Our trip actually began in Zurich, Switzerland where we spent two days with my English cousin, Rob Walsh.  Suffering from jet lag and having been to Zurich before, I was very content to spend our visit talking and eating with a bit of walking around town.

Proud genealogical researcher that I am, I was humbled to find that Rob has learned more about my English grandfather than I have ever been able to do.   His name was Robert Leslie Smith and he was the older brother of Rob's grandfather, Alfred Edward Smith.  "Alf" was the younger by 14 years and apparently had had little contact with "Leslie." My grandfather left his wife and family in Turner's Falls, Massachusetts when my own father was young and was not seen again.  I was told by an English military "expert" at an NGS conference that there were no available records for British solders unless they had died.  Because he eventually went back to England, I had given up on researching him.  Imagine my surprise when Rob showed me the complete military file for Robert Leslie and other bits of information as well.  The information therein, mostly about his health (or lack thereof) will be treated in a separate blog post.
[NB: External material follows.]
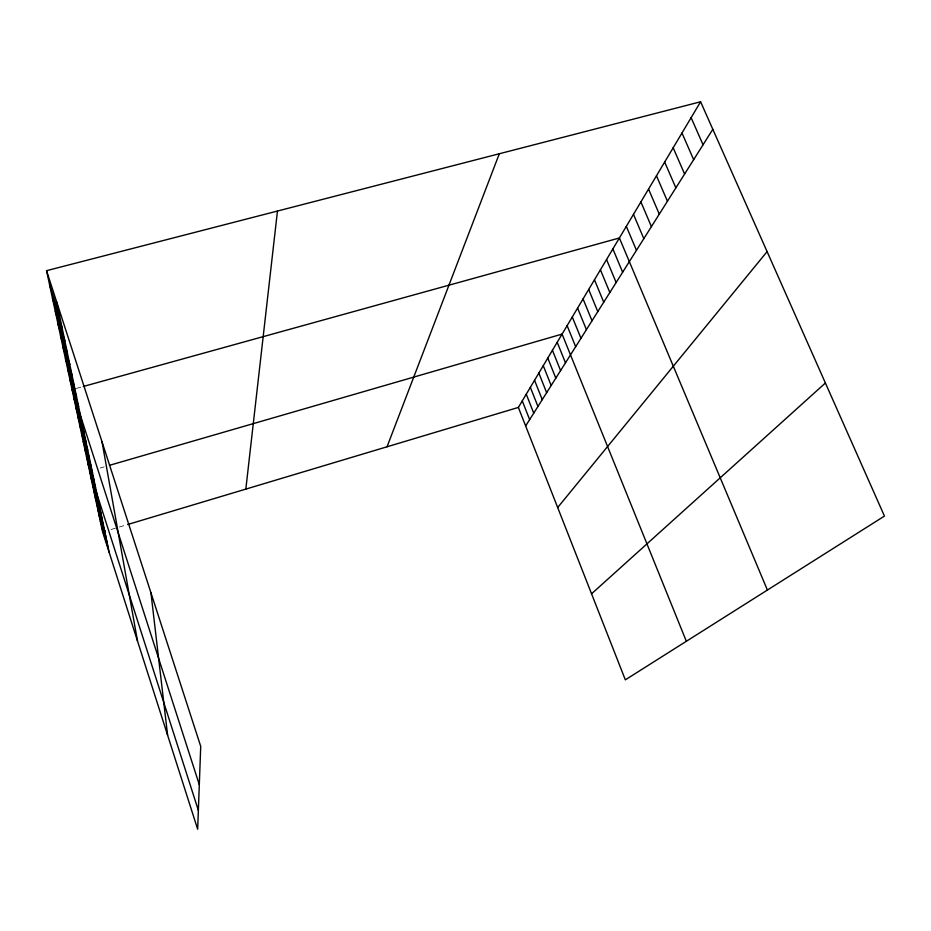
<?xml version="1.0" encoding="UTF-8"?>
<svg xmlns="http://www.w3.org/2000/svg" width="931" height="931" viewBox="0 0 931 931"><rect width="100%" height="100%" fill="white"/><g stroke="black" fill="none" stroke-linecap="round" stroke-linejoin="round"><path stroke-width="0.7" stroke-dasharray="4.66 3.49" d="M110.998 529.506L117.946 527.435M119.331 527.016L126.267 524.933M100.199 468.014L104.179 466.862M76.284 388.425L83.278 386.481"/><path stroke-width="1.4" d="M245.831 489.101L277.461 211.034M387.04 446.787L499.319 153.743M518.369 407.429L700.601 101.77L884.45 516.077L625.341 679.839L518.369 407.429L127.64 524.525M525.643 425.967L712.82 129.304M557.669 507.523L767.097 251.614M591.557 593.803L825.401 383.002M700.601 101.77L46.55 270.677L200.724 746.383L197.663 829.23L102.666 532.008L105.447 531.17M92.239 470.33L89.585 471.098L198.361 810.354M109.497 465.325L562.091 334.089L686.345 641.273M74.876 388.809L72.083 389.577L199.304 784.682M83.278 386.481L619.394 237.975L767.4 590.045M691.116 117.678L703.056 144.771M681.969 133.005L693.665 159.666M673.171 147.785L684.599 174.027M664.664 162.029L675.871 187.876M656.471 175.784L667.434 201.236M648.546 189.074L659.288 214.142M640.889 201.911L651.421 226.617M633.487 214.328L643.821 238.673M626.33 226.338L636.455 250.334M612.877 248.903L622.641 272.236M606.558 259.505L616.147 282.524M600.414 269.804L609.84 292.509M594.467 279.789L603.73 302.203M588.683 289.494L597.783 311.617M583.062 298.921L592.023 320.764M577.592 308.08L586.414 329.644M572.286 316.994L580.956 338.29M567.119 325.652L575.661 346.693M557.192 342.294L565.478 362.834M552.432 350.289L560.578 370.585M547.789 358.086L555.819 378.137M543.262 365.674L551.175 385.492M538.851 373.075L546.648 392.661M534.545 380.279L542.238 399.655M530.356 387.319L537.932 406.475M526.259 394.185L533.742 413.131M522.268 400.889L529.646 419.625M49.576 284.77L59.561 315.597M52.485 298.304L62.272 328.562M55.278 311.303L64.879 341.014M57.955 323.79L67.393 352.989M60.538 335.8L69.802 364.498M63.017 347.368L72.118 375.565M65.414 358.505L74.352 386.237M67.719 369.235L76.505 396.513M69.941 379.592L78.588 406.428M74.096 398.957L82.463 424.967M76.039 408.022L84.279 433.637M77.925 416.797L86.036 442.027M79.752 425.292L87.747 450.162M81.521 433.52L89.388 458.029M83.231 441.492L90.994 465.663M84.896 449.231L92.541 473.064M86.502 456.737L94.043 480.245M88.061 464.022L95.497 487.204M91.063 477.975L98.29 500.541M92.495 484.655L99.629 506.93M93.891 491.149L100.932 513.132M95.241 497.457L102.201 519.172M96.568 503.613L103.422 525.037M97.848 509.594L104.621 530.763M99.105 515.413L105.785 536.326M100.315 521.092L106.925 541.749M101.502 526.62L108.031 547.021M46.55 270.677L102.666 532.008M56.721 302.075L109.113 552.176M102.049 441.899L137.497 641.017M150.95 592.803L167.592 735.176"/></g></svg>

After two nights with Rob and two delicious and healthful dinners with Rob and Peter, we were off to Munsingen, Germany, a small village near Freiburg where our friends Ingrid and Bill have a home.  We traveled in style, Rob having graciously offered to drive us and still sleepy, I missed most of the ride. Upon arrival I was immediately mystified and intrigued by the little parking garage of which one space is theirs.  


Turns out that each of the space holders has a key that raises or lowers the spaces as necessary.  Extraordinary but not uncommon in German villages where space is very limited.

Bill and Ingrid have four bicycles and refreshed by my nap, I was ready for our first  ride.  Munsingen is in a grape growing and agricultural area with a hill called the Tuniberg rising up from the flatter lowlands.  We rode first through fields of asparagus and up into the vineyards  laced with an intricate network of roads that serve double duty as bicycle paths.  What a great ride-- and not on my tough little road bike but upright on a bike with a big cushy seat, wide comfortable handlebars and comfy fat tires.  True, we did need to walk up several hills but all the better to observe the scenery, I always say!


The next day we took a longer ride, part of our route being along the Rhine with France on the opposite bank.  The picture is of John and Ingrid resting-- it was a hot day-- the first of what would turn out to be a period of unseasonably hot and dry weather in Germany.


 Our destination was a medieval village perched on a hill with a ruined castle and narrow twisted cobblestone streets.  The village had several photographic murals illustrating what the village looked like a century ago-- each was placed so that one could view the picture and the real present  at the same time.  They were extremely informative of the contrast between the beflowered and freshly painted houses of today and the ungentrified scenes of yesteryear.  


On our third day in Munsingham we rode bicycles to Freiburg, a city about 15 kilometers distant.  
We climbed the Munster-- it is in a constant state of restoration being sandstone-- and had lunch in the marketplace before the ride back.  


Freiburg is famous for the gargoyles and the most famous of all is this one-- I couldn't get a picture myself but easily found one on the internet.  Someone in the 15th century had a point to make or a childish sense of humor.  I wanted to buy a postcard for my grandson but John's delicate sensibilities would not permit it.  



On a more somber note it was in Freiburg that we first saw these small street memorials embedded in the sidewalk.  Three hundred Jews were taken from the city during the holocaust, most of whom died in concentration camps.  There is a plaque in the city that reads Too many people looked away back then, too few resisted.  This must not and will not happen again.